▶ What the exercise asks
In the records below, find the line that contains "# Parameters (mm, degrees)" and the line that contains "add(f3.part.rotate(Axis((0, 0, 7.5), (0, 0, 1)), 5", then retype exactly those two lines and every line between them.

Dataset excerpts
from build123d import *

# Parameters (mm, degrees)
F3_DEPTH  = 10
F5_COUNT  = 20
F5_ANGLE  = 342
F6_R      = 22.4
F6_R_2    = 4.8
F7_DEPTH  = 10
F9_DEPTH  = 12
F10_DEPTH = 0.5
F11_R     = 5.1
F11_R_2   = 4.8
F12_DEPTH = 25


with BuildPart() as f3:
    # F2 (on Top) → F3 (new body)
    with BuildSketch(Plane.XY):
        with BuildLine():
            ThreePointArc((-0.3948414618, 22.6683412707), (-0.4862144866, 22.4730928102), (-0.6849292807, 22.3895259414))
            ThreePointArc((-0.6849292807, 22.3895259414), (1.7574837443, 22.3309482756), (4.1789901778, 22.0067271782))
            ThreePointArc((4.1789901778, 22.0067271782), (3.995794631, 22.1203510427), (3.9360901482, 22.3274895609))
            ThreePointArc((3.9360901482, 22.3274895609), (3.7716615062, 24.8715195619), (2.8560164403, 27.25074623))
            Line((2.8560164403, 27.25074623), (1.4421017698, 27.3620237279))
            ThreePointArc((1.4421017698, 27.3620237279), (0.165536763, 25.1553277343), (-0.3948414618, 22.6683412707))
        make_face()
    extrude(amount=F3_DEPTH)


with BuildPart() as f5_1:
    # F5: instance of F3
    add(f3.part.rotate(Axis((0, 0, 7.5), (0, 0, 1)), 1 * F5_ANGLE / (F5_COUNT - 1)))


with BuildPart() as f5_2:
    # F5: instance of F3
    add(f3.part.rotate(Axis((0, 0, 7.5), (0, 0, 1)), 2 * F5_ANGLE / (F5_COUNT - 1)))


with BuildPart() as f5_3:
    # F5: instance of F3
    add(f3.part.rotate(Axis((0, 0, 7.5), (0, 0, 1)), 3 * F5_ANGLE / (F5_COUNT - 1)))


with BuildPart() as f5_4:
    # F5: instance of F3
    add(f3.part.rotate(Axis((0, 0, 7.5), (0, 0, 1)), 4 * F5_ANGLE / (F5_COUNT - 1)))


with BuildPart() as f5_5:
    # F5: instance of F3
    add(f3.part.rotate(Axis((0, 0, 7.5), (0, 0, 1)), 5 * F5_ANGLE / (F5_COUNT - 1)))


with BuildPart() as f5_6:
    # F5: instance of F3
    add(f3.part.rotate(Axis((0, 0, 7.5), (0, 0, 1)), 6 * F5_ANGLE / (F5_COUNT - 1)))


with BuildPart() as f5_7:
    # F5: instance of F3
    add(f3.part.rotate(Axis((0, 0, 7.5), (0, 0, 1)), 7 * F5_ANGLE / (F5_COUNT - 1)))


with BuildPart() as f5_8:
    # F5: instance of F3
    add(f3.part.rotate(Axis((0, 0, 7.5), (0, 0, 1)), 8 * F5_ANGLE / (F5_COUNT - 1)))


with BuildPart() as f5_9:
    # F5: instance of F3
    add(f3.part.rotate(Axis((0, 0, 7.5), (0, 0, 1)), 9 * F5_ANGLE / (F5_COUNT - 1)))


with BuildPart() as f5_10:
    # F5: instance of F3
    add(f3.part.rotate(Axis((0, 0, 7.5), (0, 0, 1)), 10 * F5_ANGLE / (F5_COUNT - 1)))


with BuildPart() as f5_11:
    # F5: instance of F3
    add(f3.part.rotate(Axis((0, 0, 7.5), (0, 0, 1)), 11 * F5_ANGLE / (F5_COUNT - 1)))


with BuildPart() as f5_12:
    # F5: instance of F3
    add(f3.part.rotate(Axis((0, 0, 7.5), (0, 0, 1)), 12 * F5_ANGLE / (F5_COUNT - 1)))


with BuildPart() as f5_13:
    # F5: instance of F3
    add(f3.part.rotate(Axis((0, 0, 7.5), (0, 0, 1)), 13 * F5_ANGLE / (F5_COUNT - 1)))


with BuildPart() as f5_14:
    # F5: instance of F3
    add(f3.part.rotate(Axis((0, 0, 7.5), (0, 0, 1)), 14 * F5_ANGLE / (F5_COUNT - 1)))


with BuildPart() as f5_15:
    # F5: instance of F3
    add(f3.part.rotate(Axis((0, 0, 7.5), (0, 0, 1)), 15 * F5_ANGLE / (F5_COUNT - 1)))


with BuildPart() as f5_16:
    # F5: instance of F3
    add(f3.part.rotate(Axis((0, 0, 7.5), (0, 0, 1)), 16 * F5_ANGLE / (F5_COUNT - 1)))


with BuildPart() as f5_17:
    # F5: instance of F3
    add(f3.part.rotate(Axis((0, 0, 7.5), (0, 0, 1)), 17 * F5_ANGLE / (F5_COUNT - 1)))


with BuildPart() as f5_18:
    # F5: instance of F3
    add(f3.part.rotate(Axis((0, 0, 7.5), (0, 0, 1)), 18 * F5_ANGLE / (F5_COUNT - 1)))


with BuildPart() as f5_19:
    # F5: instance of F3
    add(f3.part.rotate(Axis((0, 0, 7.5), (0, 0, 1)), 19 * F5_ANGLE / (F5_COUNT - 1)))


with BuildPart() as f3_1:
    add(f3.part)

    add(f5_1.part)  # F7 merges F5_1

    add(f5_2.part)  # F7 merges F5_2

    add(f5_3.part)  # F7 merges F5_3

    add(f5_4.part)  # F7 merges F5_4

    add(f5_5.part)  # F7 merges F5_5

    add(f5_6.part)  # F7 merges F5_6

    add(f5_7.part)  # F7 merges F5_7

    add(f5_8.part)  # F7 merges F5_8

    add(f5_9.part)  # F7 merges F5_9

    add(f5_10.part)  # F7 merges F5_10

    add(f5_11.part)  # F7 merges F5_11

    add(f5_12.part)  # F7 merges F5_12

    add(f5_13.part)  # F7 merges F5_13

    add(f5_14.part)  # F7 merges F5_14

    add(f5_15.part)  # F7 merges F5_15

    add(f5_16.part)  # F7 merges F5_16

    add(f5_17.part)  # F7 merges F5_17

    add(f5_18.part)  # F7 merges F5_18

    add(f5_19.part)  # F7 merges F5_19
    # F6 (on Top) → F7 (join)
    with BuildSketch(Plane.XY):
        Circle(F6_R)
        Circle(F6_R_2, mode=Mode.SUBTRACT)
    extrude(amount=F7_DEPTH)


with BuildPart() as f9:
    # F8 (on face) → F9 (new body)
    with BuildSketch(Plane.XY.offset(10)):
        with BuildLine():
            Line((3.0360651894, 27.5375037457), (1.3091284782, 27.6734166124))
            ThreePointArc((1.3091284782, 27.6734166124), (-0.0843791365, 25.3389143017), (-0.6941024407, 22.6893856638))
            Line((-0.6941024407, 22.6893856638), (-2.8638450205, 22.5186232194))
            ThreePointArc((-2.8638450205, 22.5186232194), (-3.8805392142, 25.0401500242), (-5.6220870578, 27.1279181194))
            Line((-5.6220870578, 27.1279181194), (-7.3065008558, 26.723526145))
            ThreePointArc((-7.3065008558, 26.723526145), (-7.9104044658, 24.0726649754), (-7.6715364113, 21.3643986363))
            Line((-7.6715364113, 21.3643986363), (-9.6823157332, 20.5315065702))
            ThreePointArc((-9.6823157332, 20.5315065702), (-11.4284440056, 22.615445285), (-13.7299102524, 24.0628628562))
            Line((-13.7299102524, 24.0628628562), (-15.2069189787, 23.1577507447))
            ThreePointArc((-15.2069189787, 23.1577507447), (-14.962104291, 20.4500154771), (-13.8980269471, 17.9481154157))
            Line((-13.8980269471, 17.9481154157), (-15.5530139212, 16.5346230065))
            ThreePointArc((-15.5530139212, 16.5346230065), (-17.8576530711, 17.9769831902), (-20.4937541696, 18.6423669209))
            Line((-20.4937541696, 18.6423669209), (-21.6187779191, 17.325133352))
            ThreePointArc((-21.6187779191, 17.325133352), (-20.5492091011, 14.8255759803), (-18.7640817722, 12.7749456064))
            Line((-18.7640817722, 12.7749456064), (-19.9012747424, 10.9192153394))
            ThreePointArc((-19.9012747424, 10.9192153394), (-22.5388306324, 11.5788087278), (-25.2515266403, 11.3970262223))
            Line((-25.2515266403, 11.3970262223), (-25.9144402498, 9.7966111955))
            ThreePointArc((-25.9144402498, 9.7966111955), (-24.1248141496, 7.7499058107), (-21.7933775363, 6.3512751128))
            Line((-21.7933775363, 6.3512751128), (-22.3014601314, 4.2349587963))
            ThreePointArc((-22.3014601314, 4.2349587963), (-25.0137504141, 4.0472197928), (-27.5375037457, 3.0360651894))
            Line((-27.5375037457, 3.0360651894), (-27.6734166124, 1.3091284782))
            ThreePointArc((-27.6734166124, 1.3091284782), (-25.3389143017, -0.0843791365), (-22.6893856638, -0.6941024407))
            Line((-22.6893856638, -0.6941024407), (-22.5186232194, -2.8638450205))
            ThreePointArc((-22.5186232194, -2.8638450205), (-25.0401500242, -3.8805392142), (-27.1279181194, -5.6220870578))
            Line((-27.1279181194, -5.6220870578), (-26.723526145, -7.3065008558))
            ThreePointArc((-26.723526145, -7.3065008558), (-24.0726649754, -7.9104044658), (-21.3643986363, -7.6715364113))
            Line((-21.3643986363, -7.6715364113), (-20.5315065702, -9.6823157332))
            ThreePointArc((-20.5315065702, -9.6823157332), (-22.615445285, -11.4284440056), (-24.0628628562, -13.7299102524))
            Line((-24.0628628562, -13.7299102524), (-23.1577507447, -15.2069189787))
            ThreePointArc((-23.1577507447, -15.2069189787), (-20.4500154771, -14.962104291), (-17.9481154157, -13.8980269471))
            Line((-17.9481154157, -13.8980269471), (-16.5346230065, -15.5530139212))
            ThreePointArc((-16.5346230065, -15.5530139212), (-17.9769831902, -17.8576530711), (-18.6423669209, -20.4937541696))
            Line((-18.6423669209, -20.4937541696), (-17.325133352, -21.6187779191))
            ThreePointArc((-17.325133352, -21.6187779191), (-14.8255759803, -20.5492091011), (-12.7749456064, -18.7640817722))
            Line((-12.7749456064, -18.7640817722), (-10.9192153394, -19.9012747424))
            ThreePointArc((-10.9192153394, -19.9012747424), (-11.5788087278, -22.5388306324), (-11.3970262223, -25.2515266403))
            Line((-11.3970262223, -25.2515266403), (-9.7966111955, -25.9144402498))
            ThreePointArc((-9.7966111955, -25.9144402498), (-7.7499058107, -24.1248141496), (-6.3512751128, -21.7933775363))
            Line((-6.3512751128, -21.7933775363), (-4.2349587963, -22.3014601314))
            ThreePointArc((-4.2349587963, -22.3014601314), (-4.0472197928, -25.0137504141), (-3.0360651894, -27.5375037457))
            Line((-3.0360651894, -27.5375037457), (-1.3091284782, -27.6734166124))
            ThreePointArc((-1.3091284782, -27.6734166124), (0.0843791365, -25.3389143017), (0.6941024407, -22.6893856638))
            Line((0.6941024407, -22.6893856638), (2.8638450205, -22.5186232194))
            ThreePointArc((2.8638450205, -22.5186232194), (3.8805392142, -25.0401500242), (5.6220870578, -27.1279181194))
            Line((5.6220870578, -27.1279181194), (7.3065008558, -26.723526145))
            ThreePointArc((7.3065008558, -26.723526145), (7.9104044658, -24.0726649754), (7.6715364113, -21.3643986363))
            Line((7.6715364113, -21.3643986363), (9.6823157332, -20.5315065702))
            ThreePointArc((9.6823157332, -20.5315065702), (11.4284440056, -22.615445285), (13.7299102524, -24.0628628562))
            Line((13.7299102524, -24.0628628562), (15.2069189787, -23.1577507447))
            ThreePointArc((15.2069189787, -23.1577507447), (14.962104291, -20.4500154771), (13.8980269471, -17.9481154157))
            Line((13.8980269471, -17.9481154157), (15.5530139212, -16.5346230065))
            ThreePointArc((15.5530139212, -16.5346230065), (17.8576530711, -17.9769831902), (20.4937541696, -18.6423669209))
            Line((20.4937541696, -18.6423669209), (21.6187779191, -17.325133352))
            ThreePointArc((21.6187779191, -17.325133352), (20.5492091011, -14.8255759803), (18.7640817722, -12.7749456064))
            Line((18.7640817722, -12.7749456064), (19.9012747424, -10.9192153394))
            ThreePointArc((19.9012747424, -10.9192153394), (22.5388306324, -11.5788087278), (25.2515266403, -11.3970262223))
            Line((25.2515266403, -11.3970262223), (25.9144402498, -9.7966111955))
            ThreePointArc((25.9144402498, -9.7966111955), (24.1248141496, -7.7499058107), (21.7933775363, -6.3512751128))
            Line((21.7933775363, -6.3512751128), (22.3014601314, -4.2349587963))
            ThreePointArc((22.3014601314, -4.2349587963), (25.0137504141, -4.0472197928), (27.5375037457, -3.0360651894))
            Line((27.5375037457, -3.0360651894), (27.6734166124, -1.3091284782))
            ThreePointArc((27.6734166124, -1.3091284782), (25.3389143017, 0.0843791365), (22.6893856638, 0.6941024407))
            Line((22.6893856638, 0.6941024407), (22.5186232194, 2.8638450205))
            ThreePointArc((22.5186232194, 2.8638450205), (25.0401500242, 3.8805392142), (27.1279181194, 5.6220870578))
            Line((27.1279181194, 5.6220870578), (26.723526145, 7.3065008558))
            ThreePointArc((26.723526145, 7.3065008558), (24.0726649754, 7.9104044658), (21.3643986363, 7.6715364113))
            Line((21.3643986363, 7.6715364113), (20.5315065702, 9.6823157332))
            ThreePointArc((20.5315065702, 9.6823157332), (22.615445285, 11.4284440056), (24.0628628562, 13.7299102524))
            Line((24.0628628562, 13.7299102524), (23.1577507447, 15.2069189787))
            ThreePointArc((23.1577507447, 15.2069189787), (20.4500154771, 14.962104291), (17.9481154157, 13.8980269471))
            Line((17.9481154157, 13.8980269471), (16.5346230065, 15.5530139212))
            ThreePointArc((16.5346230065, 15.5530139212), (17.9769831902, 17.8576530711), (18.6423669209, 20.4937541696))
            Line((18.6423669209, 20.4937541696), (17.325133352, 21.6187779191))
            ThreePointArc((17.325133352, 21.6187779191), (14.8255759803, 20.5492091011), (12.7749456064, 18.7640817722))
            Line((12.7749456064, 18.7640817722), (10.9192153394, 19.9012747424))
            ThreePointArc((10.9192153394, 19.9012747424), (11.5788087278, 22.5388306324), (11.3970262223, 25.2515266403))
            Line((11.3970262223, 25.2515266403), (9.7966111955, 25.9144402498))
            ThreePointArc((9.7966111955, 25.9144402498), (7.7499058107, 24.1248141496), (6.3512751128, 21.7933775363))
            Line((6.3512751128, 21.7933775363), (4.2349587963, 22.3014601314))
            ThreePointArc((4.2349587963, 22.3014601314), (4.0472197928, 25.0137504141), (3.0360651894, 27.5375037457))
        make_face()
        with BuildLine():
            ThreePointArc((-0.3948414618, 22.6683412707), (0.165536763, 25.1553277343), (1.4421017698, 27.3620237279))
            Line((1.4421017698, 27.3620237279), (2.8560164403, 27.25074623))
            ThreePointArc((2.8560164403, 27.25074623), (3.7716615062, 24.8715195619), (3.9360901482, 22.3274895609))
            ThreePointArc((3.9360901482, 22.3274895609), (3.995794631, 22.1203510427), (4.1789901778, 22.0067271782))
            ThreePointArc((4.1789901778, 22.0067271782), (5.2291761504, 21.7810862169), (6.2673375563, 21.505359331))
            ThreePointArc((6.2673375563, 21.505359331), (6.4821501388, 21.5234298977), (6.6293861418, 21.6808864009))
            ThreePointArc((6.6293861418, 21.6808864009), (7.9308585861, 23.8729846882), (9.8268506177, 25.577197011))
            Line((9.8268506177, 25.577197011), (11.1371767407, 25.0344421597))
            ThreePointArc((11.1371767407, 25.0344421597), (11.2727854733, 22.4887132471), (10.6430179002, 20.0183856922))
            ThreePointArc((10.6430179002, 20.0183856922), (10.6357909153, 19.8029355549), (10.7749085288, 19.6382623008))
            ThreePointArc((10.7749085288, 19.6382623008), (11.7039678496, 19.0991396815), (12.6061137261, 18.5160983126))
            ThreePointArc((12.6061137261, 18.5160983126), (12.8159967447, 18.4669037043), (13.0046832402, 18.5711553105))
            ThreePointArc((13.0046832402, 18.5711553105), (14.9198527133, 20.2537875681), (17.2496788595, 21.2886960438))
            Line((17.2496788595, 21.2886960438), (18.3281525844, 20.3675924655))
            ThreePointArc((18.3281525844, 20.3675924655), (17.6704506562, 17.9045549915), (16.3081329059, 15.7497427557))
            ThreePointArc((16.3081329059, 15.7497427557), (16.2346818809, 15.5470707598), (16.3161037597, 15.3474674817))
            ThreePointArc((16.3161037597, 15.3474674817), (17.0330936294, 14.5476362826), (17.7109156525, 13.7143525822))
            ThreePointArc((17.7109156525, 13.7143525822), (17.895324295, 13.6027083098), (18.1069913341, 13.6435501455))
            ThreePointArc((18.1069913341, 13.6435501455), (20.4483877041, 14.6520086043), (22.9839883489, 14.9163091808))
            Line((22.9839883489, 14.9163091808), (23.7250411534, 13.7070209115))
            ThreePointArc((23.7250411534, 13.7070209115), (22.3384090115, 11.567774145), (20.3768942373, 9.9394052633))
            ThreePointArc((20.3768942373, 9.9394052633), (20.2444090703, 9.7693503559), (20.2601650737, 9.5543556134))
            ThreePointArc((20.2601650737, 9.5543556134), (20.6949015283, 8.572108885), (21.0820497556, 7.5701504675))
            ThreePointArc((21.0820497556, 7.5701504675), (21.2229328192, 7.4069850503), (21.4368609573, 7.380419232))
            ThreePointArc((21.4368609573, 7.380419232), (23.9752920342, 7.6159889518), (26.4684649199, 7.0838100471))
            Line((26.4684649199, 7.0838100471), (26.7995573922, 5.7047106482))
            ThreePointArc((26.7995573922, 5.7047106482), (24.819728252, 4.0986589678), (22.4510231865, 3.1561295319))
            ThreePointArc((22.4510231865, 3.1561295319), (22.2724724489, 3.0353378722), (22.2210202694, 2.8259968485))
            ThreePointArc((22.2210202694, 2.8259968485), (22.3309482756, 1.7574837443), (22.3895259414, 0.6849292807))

▶ Solution to this exercise
# Parameters (mm, degrees)
F3_DEPTH  = 10
F5_COUNT  = 20
F5_ANGLE  = 342
F6_R      = 22.4
F6_R_2    = 4.8
F7_DEPTH  = 10
F9_DEPTH  = 12
F10_DEPTH = 0.5
F11_R     = 5.1
F11_R_2   = 4.8
F12_DEPTH = 25


with BuildPart() as f3:
    # F2 (on Top) → F3 (new body)
    with BuildSketch(Plane.XY):
        with BuildLine():
            ThreePointArc((-0.3948414618, 22.6683412707), (-0.4862144866, 22.4730928102), (-0.6849292807, 22.3895259414))
            ThreePointArc((-0.6849292807, 22.3895259414), (1.7574837443, 22.3309482756), (4.1789901778, 22.0067271782))
            ThreePointArc((4.1789901778, 22.0067271782), (3.995794631, 22.1203510427), (3.9360901482, 22.3274895609))
            ThreePointArc((3.9360901482, 22.3274895609), (3.7716615062, 24.8715195619), (2.8560164403, 27.25074623))
            Line((2.8560164403, 27.25074623), (1.4421017698, 27.3620237279))
            ThreePointArc((1.4421017698, 27.3620237279), (0.165536763, 25.1553277343), (-0.3948414618, 22.6683412707))
        make_face()
    extrude(amount=F3_DEPTH)


with BuildPart() as f5_1:
    # F5: instance of F3
    add(f3.part.rotate(Axis((0, 0, 7.5), (0, 0, 1)), 1 * F5_ANGLE / (F5_COUNT - 1)))


with BuildPart() as f5_2:
    # F5: instance of F3
    add(f3.part.rotate(Axis((0, 0, 7.5), (0, 0, 1)), 2 * F5_ANGLE / (F5_COUNT - 1)))


with BuildPart() as f5_3:
    # F5: instance of F3
    add(f3.part.rotate(Axis((0, 0, 7.5), (0, 0, 1)), 3 * F5_ANGLE / (F5_COUNT - 1)))


with BuildPart() as f5_4:
    # F5: instance of F3
    add(f3.part.rotate(Axis((0, 0, 7.5), (0, 0, 1)), 4 * F5_ANGLE / (F5_COUNT - 1)))


with BuildPart() as f5_5:
    # F5: instance of F3
    add(f3.part.rotate(Axis((0, 0, 7.5), (0, 0, 1)), 5 * F5_ANGLE / (F5_COUNT - 1)))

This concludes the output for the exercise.